WORK ITEM ::
Once the line with "Derivative : Derivative" is found, write it out along with every line after it, exactly, up to the last line of the entries below. Exclude pictures.

WORKING DATA ::
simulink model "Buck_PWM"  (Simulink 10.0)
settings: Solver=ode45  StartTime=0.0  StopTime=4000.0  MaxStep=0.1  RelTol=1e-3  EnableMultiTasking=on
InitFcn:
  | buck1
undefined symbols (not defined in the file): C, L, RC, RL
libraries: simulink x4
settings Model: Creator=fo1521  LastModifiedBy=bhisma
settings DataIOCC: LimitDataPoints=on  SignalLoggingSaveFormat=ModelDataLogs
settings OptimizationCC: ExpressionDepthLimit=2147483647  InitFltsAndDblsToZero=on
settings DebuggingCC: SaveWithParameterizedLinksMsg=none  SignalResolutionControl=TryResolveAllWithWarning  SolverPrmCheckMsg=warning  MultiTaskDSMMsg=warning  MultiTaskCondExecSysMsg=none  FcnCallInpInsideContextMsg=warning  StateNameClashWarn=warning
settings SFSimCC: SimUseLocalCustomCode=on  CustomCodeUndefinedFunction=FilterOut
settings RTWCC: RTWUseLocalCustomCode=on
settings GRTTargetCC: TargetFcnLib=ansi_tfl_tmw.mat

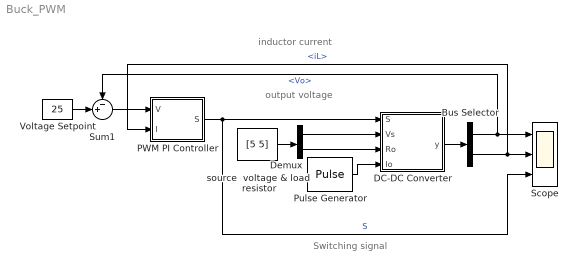
== system Buck_PWM ==
  note: Switching signal
  note: output voltage
  note: inductor current
  Bus Selector : BusSelector  OutputSignals=Vo,iL
  DC-DC Converter : Subsystem  mask{ICM=on, zcv=on, Vc0=0, ILmin=0, C=C, L=L, RC=RC, RL=RL, mode=Boost}
      mask prompts: ICM "Positive Inductor Current"; zcv "zero capacitor voltage"; mode "Converter Mode"
      mask help:
      | DC-DC Buck Convertor
      | C: Capacitance
      | L: Inductance
      | RC: Internal resistance of the capacitor
      | RL: Internal resistance of the inductor
      mask init:
      | dt=pi*0.3;
      | t1=0:0.1:pi+dt;t2=-dt:0.1:pi+dt;t3=[-dt:0.1:pi pi];
      | dx=2*cos(dt);
      | yL=5+[dx cos(t1)-1 cos(t2)-1-dx cos(t3)-1-2*dx -2-3*dx];
      | xL=[0 sin(t1) sin(t2) sin(t3) 0];
      | yC=[5+dx 2.5+dx NaN 2.5 0 NaN 2.5 2.5 NaN 2.5+dx 2.5+dx];
      | xC=3+[0    0    NaN  0      0 NaN -1     1      NaN -1     1];
      | x=[xL NaN xC NaN -3 NaN 6];
      | y=[yL NaN yC NaN -1 NaN 6];
      mask Callback ICM: converter_mask(gcb)
      mask Callback zcv: converter_mask(gcb)
      mask TypeOptions mode: Buck | Boost | Buck Boost
      mask Display:
      | plot(x,y)
      | port_label('output',1,'Y')
      | port_label('input',1,'S')
      | port_label('input',2,'Vi')
      | port_label('input',3,'Ro')
      | port_label('input',4,'Io')
  Demux : Demux  Outputs=2
  "PWM PI Controller " : Subsystem  mask{beta=0.2, Kp=1, Ti=300, Fs=0.2}
      mask help:
      | PWM PI Controller with Current Control
      | beta: gain for current control
      | Kp: Controller gain
      | Ti: Intergal time constant (s)
      | Fs: PWM frequency (Hz)
      mask Display: disp(sprintf('PWM PI\n Controller'))
  Pulse Generator : DiscretePulseGenerator  PulseType=Time based  Amplitude=0  PulseWidth=50
  Scope : Scope  NumInputPorts=3
  Sum1 : Sum  Inputs=-+|
  Voltage Setpoint : Constant  Value=25
  source  voltage & load  resistor : Constant  Value=[5 5]
  wires:
  "PWM PI Controller "/1(S) -> DC-DC Converter/1(S), Scope/3  "S"
  Bus Selector/1 -> Scope/1, Sum1/1  "<Vo>"
  source  voltage & load  resistor/1 -> Demux/1
  Demux/1 -> DC-DC Converter/2(Vs)
  Demux/2 -> DC-DC Converter/3(Ro)
  Pulse Generator/1 -> DC-DC Converter/4(Io)
  Bus Selector/2 -> Scope/2, "PWM PI Controller "/2(I)  "<iL>"
  DC-DC Converter/1(y) -> Bus Selector/1
  Sum1/1 -> "PWM PI Controller "/1(V)
  Voltage Setpoint/1 -> Sum1/2

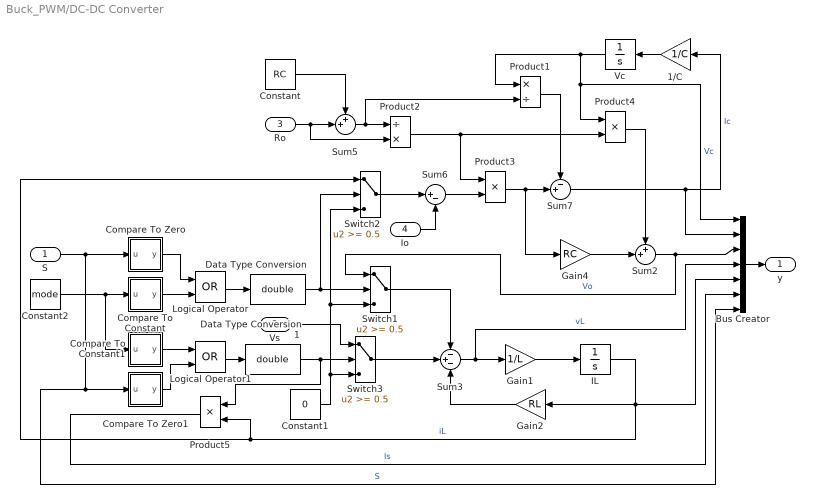
== system Buck_PWM/DC-DC Converter ==
  S : Inport
  Vs : Inport  Port=2
  Ro : Inport  Port=3
  Io : Inport  Port=4
  1/C : Gain  Gain=1/C  SaturateOnIntegerOverflow=on  OutDataTypeStr=Inherit: Same as input  ParamDataTypeStr=Inherit: Same as input
  Bus Creator : BusCreator  Inputs=7
  Compare To Constant : Subsystem  mask(Compare To Constant){relop===, const=1, LogicOutDataTypeMode=boolean}
      mask prompts: relop "Operator:"; const "Constant value:"; LogicOutDataTypeMode "Output data type mode:"
      mask help: Determine how a signal compares to a constant.
      mask init:
      | blkName = gcb;
      | 
      | if strcmp(get_param(gcbh,'LogicOutDataTypeMode'),'boolean')
      | 	setValue = 'Boolean';
      | else
      | 	setValue = 'Specify via dialog';
      | end
      | 
      | set_param([blkName,'/Compare'],'relop',relop, ...
      | 	'LogicOutDataTypeMode', setValue);
      | 
      | if length(const) == 1
      |  str = [relop,' ',num2str(double(const))];
      | else
      |   str = [relop,' C'];
      | end
      mask TypeOptions relop: == | ~= | < | <= | >= | >
      mask TypeOptions LogicOutDataTypeMode: uint8 | boolean
      mask Display: disp(str)
  Compare To Constant1 : Subsystem  mask(Compare To Constant){relop===, const=2, LogicOutDataTypeMode=boolean}
      mask prompts: relop "Operator:"; const "Constant value:"; LogicOutDataTypeMode "Output data type mode:"
      mask help: Determine how a signal compares to a constant.
      mask init: same as Buck_PWM/DC-DC Converter/Compare To Constant
      mask TypeOptions relop: == | ~= | < | <= | >= | >
      mask TypeOptions LogicOutDataTypeMode: uint8 | boolean
      mask Display: disp(str)
  Compare To Zero : Subsystem  mask(Compare To Zero){relop=>=, LogicOutDataTypeMode=boolean}
      mask prompts: relop "Operator:"; LogicOutDataTypeMode "Output data type mode:"
      mask help: Determine how a signal compares to zero.
      mask init:
      | blkName = gcb;
      | 
      | if strcmp(get_param(gcbh,'LogicOutDataTypeMode'),'boolean')
      | 	setValue = 'Boolean';
      | else
      |     setValue = 'Specify via dialog';
      | end
      | 
      | set_param([blkName,'/Compare'],'relop',relop, ...
      | 	'LogicOutDataTypeMode', setValue);
      mask TypeOptions relop: == | ~= | < | <= | >= | >
      mask TypeOptions LogicOutDataTypeMode: uint8 | boolean
      mask Display: disp([relop,' 0'])
  Compare To Zero1 : Subsystem  mask(Compare To Zero){relop=<, LogicOutDataTypeMode=boolean}
      mask prompts: relop "Operator:"; LogicOutDataTypeMode "Output data type mode:"
      mask help: Determine how a signal compares to zero.
      mask init: same as Buck_PWM/DC-DC Converter/Compare To Zero
      mask TypeOptions relop: == | ~= | < | <= | >= | >
      mask TypeOptions LogicOutDataTypeMode: uint8 | boolean
      mask Display: disp([relop,' 0'])
  Constant : Constant  Value=RC
  Constant1 : Constant  Value=0
  Constant2 : Constant  Value=mode
  Data Type Conversion : DataTypeConversion  OutDataTypeStr=double
  Data Type Conversion1 : DataTypeConversion  OutDataTypeStr=double
  Gain1 : Gain  Gain=1/L  SaturateOnIntegerOverflow=on  OutDataTypeStr=Inherit: Same as input  ParamDataTypeStr=Inherit: Same as input
  Gain2 : Gain  Gain=RL  SaturateOnIntegerOverflow=on  OutDataTypeStr=Inherit: Same as input  ParamDataTypeStr=Inherit: Same as input
  Gain4 : Gain  Gain=RC  SaturateOnIntegerOverflow=on  OutDataTypeStr=Inherit: Same as input  ParamDataTypeStr=Inherit: Same as input
  IL : Integrator  LimitOutput=on  LowerSaturationLimit=0
  Logical Operator : Logic  Operator=OR  AllPortsSameDT=off  OutDataTypeStr=boolean
  Logical Operator1 : Logic  Operator=OR  AllPortsSameDT=off  OutDataTypeStr=boolean
  Product1 : Product  Inputs=*/  SaturateOnIntegerOverflow=on  OutDataTypeStr=Inherit: Same as first input
  Product2 : Product  Inputs=/*  SaturateOnIntegerOverflow=on  OutDataTypeStr=Inherit: Same as first input
  Product3 : Product  SaturateOnIntegerOverflow=on  OutDataTypeStr=Inherit: Same as first input
  Product4 : Product  SaturateOnIntegerOverflow=on  OutDataTypeStr=Inherit: Same as first input
  Product5 : Product  SaturateOnIntegerOverflow=on  OutDataTypeStr=Inherit: Same as first input
  Sum2 : Sum  Inputs=++|  SaturateOnIntegerOverflow=on
  Sum3 : Sum  Inputs=-+-  SaturateOnIntegerOverflow=on
  Sum5 : Sum  Inputs=++|  SaturateOnIntegerOverflow=on
  Sum6 : Sum  Inputs=|+-  SaturateOnIntegerOverflow=on
  Sum7 : Sum  Inputs=-+|  SaturateOnIntegerOverflow=on
  Switch1 : Switch  Threshold=0.5  SaturateOnIntegerOverflow=on
  Switch2 : Switch  Threshold=0.5  SaturateOnIntegerOverflow=on
  Switch3 : Switch  Threshold=0.5  SaturateOnIntegerOverflow=on
  Vc : Integrator
  y : Outport
  wires:
  Bus Creator/1 -> y/1
  Data Type Conversion1/1 -> Switch3/2, Product5/1
  Data Type Conversion/1 -> Switch1/2, Switch2/2
  Gain1/1 -> IL/1
  Sum3/1 -> Bus Creator/4, Gain1/1  "vL"
  IL/1 -> Bus Creator/5, Gain2/1, Switch2/1, Product5/2  "iL"
  Ro/1 -> Sum5/2, Product2/2
  Constant/1 -> Sum5/1
  Gain2/1 -> Sum3/3
  Switch3/1 -> Sum3/2
  Switch1/1 -> Sum3/1
  Logical Operator/1 -> Data Type Conversion/1
  Constant1/1 -> Switch3/3, Switch1/3, Switch2/3
  Vs/1 -> Switch3/1
  Logical Operator1/1 -> Data Type Conversion1/1
  Switch2/1 -> Sum6/1
  Io/1 -> Sum6/2
  Sum5/1 -> Product2/1, Product1/2
  Sum6/1 -> Product3/2
  Product2/1 -> Product3/1, Product4/2
  Product3/1 -> Sum7/2, Gain4/1
  Sum7/1 -> Bus Creator/2, 1/C/1  "Ic"
  Product1/1 -> Sum7/1
  Gain4/1 -> Sum2/2
  Product4/1 -> Sum2/1
  Sum2/1 -> Bus Creator/3, Switch1/1  "Vo"
  Constant2/1 -> Compare To Constant/1(u), Compare To Constant1/1(u)
  S/1 -> Bus Creator/7, Compare To Zero1/1(u), Compare To Zero/1(u)  "S"
  Compare To Zero/1(y) -> Logical Operator/1
  Compare To Constant/1(y) -> Logical Operator/2
  Compare To Zero1/1(y) -> Logical Operator1/2
  Compare To Constant1/1(y) -> Logical Operator1/1
  Product5/1 -> Bus Creator/6  "Is"
  Vc/1 -> Bus Creator/1, Product4/1, Product1/1  "Vc"
  1/C/1 -> Vc/1

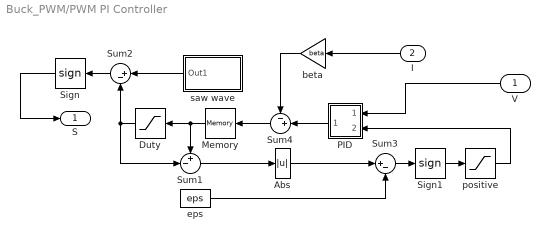
== system Buck_PWM/PWM PI Controller  ==
  V : Inport
  I : Inport  Port=2
  Abs : Abs
  Duty : Saturate  UpperLimit=0.99  LowerLimit=0.01
  Memory : Memory
  PID : Subsystem  mask(PID Controller){P=Kp, I=Kp/Ti, D=0}
      mask prompts: P "Proportional:"; I "Integral:"; D "Derivative:"
      mask help:
      | Enter expressions for proportional, integral, and derivative terms.
      | P+I/s+Ds
      mask Help: This block implements a PID controller where parameters are entered for the Proportional, Integral and Derivative terms. Unmask this block to see how it works. The derivative term is implemented using a true derivative block.
      mask Display: disp('PID')
  Sign : Signum
  Sign1 : Signum
  Sum1 : Sum  Inputs=+-|
  Sum2 : Sum  Inputs=|+-
  Sum3 : Sum  Inputs=|+-
  Sum4 : Sum  Inputs=-+|
  beta : Gain  Gain=beta
  eps : Constant  Value=eps
  positive : Saturate  UpperLimit=1  LowerLimit=0
  saw wave : Subsystem  mask{fs=Fs}
      mask init:
      | x=[-1 NaN 4 NaN 0 1 1 2 2 3 3];
      | y=[-0.5 NaN 1.5 NaN 0 1 0 1 0 1 0];
      mask Display:
      | plot(x,y);
      | port_label('output',1,'S')
  S : Outport
  wires:
  Duty/1 -> Sum2/2, Sum1/2
  saw wave/1(Out1) -> Sum2/1
  Sum2/1 -> Sign/1
  Sign/1 -> S/1
  Sign1/1 -> positive/1
  Sum1/1 -> Abs/1
  Abs/1 -> Sum3/1
  Sum3/1 -> Sign1/1
  eps/1 -> Sum3/2
  I/1 -> beta/1
  positive/1 -> PID/2(In_2)
  beta/1 -> Sum4/1
  Memory/1 -> Duty/1, Sum1/1
  Sum4/1 -> Memory/1
  V/1 -> PID/1(In_1)
  PID/1(Out_1) -> Sum4/2

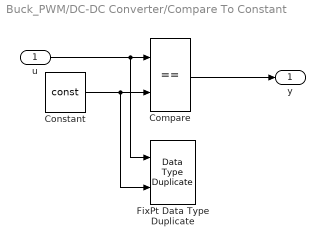
== system Buck_PWM/DC-DC Converter/Compare To Constant ==
  u : Inport
  Compare : RelationalOperator  Operator===  OutDataTypeStr=boolean  ZeroCross=off  RndMeth=Nearest
  Constant : Constant  Value=const  OutDataTypeStr=Inherit: Inherit via back propagation
  FixPt Data Type Duplicate : simulink/Signal Attributes/Data Type Duplicate  NumInputPorts=2
      settings: SourceProductName=Simulink  SourceProductBaseCode=SL
  y : Outport
  wires:
  u/1 -> Compare/1, FixPt Data Type Duplicate/1
  Constant/1 -> Compare/2, FixPt Data Type Duplicate/2
  Compare/1 -> y/1

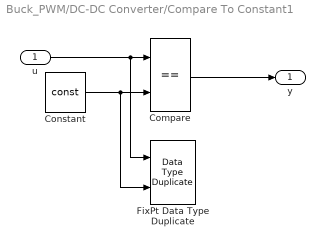
== system Buck_PWM/DC-DC Converter/Compare To Constant1 ==
  u : Inport
  Compare : RelationalOperator  Operator===  OutDataTypeStr=boolean  ZeroCross=off  RndMeth=Nearest
  Constant : Constant  Value=const  OutDataTypeStr=Inherit: Inherit via back propagation
  FixPt Data Type Duplicate : simulink/Signal Attributes/Data Type Duplicate  NumInputPorts=2
      settings: SourceProductName=Simulink  SourceProductBaseCode=SL
  y : Outport
  wires:
  Compare/1 -> y/1
  Constant/1 -> FixPt Data Type Duplicate/2, Compare/2
  u/1 -> FixPt Data Type Duplicate/1, Compare/1

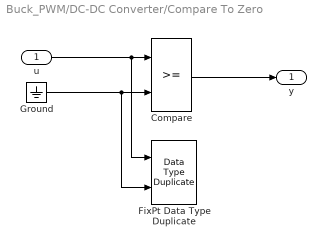
== system Buck_PWM/DC-DC Converter/Compare To Zero ==
  u : Inport
  Compare : RelationalOperator  OutDataTypeStr=boolean  ZeroCross=off  RndMeth=Nearest
  FixPt Data Type Duplicate : simulink/Signal Attributes/Data Type Duplicate  NumInputPorts=2
      settings: SourceProductName=Simulink  SourceProductBaseCode=SL
  Ground : Ground
  y : Outport
  wires:
  u/1 -> Compare/1, FixPt Data Type Duplicate/1
  Ground/1 -> Compare/2, FixPt Data Type Duplicate/2
  Compare/1 -> y/1

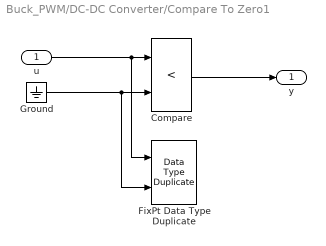
== system Buck_PWM/DC-DC Converter/Compare To Zero1 ==
  u : Inport
  Compare : RelationalOperator  Operator=<  OutDataTypeStr=boolean  ZeroCross=off  RndMeth=Nearest
  FixPt Data Type Duplicate : simulink/Signal Attributes/Data Type Duplicate  NumInputPorts=2
      settings: SourceProductName=Simulink  SourceProductBaseCode=SL
  Ground : Ground
  y : Outport
  wires:
  Compare/1 -> y/1
  Ground/1 -> FixPt Data Type Duplicate/2, Compare/2
  u/1 -> FixPt Data Type Duplicate/1, Compare/1

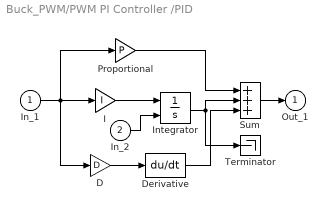
== system Buck_PWM/PWM PI Controller /PID ==
  In_1 : Inport
  In_2 : Inport  Port=2
  D : Gain  Gain=D  SaturateOnIntegerOverflow=on  OutDataTypeStr=Inherit: Same as input  ParamDataTypeStr=Inherit: Same as input
  Derivative : Derivative
  I : Gain  Gain=I  SaturateOnIntegerOverflow=on  OutDataTypeStr=Inherit: Same as input  ParamDataTypeStr=Inherit: Same as input
  Integrator : Integrator  ExternalReset=level
  Proportional : Gain  Gain=P  SaturateOnIntegerOverflow=on  OutDataTypeStr=Inherit: Same as input  ParamDataTypeStr=Inherit: Same as input
  Sum : Sum  Inputs=+++  SaturateOnIntegerOverflow=on  InputSameDT=on  OutDataTypeStr=Inherit: Same as first input
  Terminator : Terminator
  Out_1 : Outport  InitialOutput=0
  wires:
  Integrator/1 -> Sum/2, Terminator/1
  Proportional/1 -> Sum/1
  Derivative/1 -> Sum/3
  In_1/1 -> Proportional/1, I/1, D/1
  Sum/1 -> Out_1/1
  D/1 -> Derivative/1
  I/1 -> Integrator/1
  In_2/1 -> Integrator/2

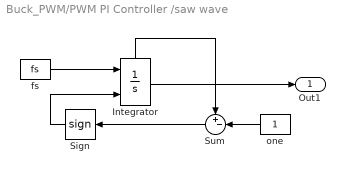
== system Buck_PWM/PWM PI Controller /saw wave ==
  Integrator : Integrator  ExternalReset=rising  ShowStatePort=on
  Sign : Signum
  Sum : Sum  Inputs=+-|
  fs : Constant  Value=fs
  one : Constant
  Out1 : Outport
  wires:
  Integrator/1 -> Out1/1
  Sum/1 -> Sign/1
  fs/1 -> Integrator/1
  one/1 -> Sum/2
  Sign/1 -> Integrator/2
  Integrator/State -> Sum/1

EXPECTED ANSWER ::
  Derivative : Derivative
  I : Gain  Gain=I  SaturateOnIntegerOverflow=on  OutDataTypeStr=Inherit: Same as input  ParamDataTypeStr=Inherit: Same as input
  Integrator : Integrator  ExternalReset=level
  Proportional : Gain  Gain=P  SaturateOnIntegerOverflow=on  OutDataTypeStr=Inherit: Same as input  ParamDataTypeStr=Inherit: Same as input
  Sum : Sum  Inputs=+++  SaturateOnIntegerOverflow=on  InputSameDT=on  OutDataTypeStr=Inherit: Same as first input
  Terminator : Terminator
  Out_1 : Outport  InitialOutput=0
  wires:
  Integrator/1 -> Sum/2, Terminator/1
  Proportional/1 -> Sum/1
  Derivative/1 -> Sum/3
  In_1/1 -> Proportional/1, I/1, D/1
  Sum/1 -> Out_1/1
  D/1 -> Derivative/1
  I/1 -> Integrator/1
  In_2/1 -> Integrator/2

== system Buck_PWM/PWM PI Controller /saw wave ==
  Integrator : Integrator  ExternalReset=rising  ShowStatePort=on
  Sign : Signum
  Sum : Sum  Inputs=+-|
  fs : Constant  Value=fs
  one : Constant
  Out1 : Outport
  wires:
  Integrator/1 -> Out1/1
  Sum/1 -> Sign/1
  fs/1 -> Integrator/1
  one/1 -> Sum/2
  Sign/1 -> Integrator/2
  Integrator/State -> Sum/1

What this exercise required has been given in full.